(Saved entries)
====================

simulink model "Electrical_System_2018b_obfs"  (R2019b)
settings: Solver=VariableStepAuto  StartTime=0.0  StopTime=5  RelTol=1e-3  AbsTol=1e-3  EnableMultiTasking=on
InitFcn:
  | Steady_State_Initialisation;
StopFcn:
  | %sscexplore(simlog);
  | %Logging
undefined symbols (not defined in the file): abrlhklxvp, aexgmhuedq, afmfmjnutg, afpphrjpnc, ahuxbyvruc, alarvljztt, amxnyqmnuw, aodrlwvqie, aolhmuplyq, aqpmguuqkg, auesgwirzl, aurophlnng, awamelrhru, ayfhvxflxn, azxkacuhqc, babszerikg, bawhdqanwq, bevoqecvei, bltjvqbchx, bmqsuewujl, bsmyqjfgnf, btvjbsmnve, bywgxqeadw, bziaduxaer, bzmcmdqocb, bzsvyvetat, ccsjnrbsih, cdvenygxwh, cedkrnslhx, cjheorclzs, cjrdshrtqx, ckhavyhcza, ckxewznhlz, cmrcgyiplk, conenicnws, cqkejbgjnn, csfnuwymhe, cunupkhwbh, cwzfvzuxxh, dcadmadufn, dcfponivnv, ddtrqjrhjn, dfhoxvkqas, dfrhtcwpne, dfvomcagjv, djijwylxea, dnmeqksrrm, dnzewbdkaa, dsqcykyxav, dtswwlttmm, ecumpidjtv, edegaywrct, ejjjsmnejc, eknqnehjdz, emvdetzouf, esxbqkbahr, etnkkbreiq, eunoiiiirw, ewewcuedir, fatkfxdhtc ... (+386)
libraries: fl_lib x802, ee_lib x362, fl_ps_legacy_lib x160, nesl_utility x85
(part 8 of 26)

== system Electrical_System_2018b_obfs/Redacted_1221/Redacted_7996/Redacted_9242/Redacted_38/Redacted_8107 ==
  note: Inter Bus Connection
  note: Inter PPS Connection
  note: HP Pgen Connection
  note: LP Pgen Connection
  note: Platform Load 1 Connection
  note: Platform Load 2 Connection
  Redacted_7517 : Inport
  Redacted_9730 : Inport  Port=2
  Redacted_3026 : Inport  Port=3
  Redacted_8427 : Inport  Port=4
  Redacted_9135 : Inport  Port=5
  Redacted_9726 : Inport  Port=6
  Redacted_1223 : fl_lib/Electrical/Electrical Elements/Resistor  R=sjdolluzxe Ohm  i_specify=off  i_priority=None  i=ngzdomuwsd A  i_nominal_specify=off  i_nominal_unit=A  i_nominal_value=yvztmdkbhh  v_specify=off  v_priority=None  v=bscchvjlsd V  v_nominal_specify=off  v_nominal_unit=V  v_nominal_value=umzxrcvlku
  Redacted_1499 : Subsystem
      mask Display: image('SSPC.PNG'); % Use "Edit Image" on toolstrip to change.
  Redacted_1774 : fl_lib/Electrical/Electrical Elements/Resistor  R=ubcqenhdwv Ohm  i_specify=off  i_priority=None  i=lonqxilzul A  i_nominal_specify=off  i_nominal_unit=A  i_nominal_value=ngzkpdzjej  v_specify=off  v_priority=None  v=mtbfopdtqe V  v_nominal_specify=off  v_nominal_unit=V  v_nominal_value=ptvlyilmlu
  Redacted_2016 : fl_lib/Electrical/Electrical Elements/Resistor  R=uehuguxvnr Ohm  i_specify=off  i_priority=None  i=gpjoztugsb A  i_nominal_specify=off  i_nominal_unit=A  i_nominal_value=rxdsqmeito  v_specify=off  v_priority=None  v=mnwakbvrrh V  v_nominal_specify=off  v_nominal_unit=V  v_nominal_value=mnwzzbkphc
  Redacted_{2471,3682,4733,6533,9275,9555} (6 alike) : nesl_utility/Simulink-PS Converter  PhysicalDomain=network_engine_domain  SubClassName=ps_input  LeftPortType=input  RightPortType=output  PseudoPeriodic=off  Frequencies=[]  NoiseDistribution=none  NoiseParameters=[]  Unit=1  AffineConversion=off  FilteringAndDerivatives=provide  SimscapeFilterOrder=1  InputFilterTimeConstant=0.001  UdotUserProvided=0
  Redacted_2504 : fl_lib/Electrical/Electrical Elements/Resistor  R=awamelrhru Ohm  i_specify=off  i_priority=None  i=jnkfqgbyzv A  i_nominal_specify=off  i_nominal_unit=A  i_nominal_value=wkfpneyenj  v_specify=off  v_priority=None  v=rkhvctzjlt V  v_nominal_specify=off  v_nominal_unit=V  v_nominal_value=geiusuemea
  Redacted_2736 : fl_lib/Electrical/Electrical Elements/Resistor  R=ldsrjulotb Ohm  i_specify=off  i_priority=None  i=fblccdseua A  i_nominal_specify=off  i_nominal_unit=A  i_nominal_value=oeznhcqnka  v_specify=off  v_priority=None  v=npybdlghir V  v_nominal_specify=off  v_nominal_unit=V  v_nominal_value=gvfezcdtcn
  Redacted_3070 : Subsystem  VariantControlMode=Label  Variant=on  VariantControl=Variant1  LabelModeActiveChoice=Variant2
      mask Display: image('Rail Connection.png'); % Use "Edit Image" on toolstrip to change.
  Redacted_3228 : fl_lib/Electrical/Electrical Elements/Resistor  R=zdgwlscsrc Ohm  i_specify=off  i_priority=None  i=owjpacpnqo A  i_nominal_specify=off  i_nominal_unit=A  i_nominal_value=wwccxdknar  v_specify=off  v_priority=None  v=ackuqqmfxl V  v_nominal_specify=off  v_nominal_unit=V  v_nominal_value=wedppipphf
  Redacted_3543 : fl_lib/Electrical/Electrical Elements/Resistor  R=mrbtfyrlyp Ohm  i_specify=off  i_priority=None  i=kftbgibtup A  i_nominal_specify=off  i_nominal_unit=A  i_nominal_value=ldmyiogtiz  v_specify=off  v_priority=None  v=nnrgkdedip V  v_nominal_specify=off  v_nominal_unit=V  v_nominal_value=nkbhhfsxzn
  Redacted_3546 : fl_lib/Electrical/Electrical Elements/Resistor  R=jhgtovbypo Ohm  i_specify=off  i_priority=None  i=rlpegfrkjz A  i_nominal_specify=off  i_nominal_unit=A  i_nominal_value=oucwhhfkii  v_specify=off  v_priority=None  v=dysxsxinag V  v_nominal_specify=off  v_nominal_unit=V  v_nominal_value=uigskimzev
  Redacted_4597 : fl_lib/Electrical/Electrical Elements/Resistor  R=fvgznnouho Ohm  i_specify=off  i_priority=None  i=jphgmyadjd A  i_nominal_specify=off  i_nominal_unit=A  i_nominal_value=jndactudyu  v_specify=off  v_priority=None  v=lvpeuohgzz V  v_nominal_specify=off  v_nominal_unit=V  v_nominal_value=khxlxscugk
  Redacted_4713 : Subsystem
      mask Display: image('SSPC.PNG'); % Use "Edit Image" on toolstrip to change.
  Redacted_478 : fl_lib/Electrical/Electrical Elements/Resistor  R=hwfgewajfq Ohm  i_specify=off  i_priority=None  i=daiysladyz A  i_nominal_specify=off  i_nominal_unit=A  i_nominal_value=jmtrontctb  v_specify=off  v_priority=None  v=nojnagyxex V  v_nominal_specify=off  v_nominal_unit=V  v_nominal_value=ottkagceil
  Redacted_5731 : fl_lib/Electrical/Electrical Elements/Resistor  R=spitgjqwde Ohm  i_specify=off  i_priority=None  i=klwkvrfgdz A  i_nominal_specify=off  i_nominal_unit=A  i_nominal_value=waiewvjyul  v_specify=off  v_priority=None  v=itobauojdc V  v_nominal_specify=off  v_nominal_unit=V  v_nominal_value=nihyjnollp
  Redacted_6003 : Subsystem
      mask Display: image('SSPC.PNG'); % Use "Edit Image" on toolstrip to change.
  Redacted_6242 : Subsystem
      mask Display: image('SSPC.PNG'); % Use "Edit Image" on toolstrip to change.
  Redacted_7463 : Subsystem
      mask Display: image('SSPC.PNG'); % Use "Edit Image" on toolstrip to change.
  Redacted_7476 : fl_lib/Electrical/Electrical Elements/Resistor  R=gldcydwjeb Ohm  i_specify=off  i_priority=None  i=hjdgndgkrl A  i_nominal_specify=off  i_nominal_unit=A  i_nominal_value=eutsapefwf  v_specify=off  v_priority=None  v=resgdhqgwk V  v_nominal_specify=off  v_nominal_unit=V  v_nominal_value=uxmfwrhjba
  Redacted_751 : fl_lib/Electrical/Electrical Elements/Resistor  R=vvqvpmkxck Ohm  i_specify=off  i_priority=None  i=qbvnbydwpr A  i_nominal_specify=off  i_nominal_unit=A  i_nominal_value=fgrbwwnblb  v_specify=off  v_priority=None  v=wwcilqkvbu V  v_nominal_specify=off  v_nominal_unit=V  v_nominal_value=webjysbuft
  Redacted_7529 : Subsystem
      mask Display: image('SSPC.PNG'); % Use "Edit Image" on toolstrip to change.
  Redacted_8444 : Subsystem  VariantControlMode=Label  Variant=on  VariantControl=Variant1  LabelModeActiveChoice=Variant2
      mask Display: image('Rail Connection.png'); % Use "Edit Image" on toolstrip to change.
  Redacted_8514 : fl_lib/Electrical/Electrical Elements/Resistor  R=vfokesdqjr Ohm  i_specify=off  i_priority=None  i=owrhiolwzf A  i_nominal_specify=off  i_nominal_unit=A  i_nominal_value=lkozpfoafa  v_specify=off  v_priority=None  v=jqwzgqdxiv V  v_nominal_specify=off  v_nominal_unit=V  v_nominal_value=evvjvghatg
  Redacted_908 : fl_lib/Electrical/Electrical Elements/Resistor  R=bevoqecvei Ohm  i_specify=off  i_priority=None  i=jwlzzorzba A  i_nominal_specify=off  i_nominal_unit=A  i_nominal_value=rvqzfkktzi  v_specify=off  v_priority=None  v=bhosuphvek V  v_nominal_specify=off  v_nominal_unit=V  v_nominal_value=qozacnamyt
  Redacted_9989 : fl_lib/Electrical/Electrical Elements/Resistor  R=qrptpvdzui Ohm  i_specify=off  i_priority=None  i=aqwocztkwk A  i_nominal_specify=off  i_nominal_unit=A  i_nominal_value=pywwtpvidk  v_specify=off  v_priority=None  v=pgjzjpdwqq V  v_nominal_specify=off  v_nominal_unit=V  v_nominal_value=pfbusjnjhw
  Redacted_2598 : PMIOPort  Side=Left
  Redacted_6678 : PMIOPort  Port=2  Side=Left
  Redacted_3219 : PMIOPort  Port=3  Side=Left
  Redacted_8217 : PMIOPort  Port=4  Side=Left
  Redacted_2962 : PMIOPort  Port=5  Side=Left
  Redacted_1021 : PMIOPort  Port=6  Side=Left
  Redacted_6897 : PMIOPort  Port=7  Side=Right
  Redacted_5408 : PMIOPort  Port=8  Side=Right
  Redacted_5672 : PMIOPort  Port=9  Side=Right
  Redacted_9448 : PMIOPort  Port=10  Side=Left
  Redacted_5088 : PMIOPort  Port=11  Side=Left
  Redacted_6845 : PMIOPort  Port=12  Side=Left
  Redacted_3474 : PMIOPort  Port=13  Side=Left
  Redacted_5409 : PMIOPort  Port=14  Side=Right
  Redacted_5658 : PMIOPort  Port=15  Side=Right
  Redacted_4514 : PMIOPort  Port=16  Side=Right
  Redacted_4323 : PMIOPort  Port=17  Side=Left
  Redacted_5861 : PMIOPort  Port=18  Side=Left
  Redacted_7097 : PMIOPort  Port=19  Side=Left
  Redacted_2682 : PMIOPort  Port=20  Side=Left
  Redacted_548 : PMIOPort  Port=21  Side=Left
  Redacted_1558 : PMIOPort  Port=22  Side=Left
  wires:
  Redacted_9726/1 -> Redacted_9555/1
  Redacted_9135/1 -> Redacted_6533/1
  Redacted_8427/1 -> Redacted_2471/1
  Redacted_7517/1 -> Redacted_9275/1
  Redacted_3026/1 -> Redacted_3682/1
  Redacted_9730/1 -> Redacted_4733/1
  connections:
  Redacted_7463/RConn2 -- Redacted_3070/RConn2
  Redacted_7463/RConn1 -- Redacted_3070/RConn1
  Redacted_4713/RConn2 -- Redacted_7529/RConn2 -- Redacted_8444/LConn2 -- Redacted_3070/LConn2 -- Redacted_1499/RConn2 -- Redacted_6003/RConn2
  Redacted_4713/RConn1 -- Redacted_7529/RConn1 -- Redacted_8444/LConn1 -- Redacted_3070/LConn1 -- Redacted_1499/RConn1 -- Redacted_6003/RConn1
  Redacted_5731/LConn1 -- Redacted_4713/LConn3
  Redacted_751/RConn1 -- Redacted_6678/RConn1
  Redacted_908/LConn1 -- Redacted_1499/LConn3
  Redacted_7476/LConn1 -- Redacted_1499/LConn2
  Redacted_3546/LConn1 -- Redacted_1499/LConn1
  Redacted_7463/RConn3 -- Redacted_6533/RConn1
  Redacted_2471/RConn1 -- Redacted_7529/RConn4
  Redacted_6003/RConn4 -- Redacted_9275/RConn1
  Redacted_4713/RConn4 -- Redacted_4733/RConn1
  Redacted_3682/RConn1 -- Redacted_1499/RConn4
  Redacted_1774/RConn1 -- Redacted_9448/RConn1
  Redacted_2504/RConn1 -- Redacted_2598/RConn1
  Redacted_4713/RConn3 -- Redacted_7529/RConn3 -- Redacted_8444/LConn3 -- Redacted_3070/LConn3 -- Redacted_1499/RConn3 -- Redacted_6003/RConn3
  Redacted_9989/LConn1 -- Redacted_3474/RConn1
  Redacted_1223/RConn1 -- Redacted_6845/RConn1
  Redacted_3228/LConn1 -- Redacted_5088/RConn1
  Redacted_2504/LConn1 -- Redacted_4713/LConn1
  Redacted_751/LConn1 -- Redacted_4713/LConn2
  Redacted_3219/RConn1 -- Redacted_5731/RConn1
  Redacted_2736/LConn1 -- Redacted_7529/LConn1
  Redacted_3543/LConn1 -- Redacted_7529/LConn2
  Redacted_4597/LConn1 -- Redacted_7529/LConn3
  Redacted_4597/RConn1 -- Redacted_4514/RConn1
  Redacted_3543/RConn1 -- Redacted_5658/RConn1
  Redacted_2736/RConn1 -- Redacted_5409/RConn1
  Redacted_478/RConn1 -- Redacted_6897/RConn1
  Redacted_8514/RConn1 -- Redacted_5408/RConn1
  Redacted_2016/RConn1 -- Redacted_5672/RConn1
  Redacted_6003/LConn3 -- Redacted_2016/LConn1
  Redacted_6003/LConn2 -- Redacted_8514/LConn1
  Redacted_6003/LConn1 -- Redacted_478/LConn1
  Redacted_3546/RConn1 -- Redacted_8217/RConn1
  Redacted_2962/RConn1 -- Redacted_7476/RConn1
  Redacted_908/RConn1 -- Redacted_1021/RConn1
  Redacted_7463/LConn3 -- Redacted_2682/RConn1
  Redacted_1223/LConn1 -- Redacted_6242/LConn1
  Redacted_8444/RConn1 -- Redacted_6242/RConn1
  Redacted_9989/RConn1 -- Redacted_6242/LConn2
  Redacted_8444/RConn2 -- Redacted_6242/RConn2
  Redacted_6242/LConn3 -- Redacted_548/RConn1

====================

TASK PROMPT: All lines above that contain "Platform" are required in the answer.

OUTPUT OF THE EXERCISE:
  note: Platform Load 1 Connection
  note: Platform Load 2 Connection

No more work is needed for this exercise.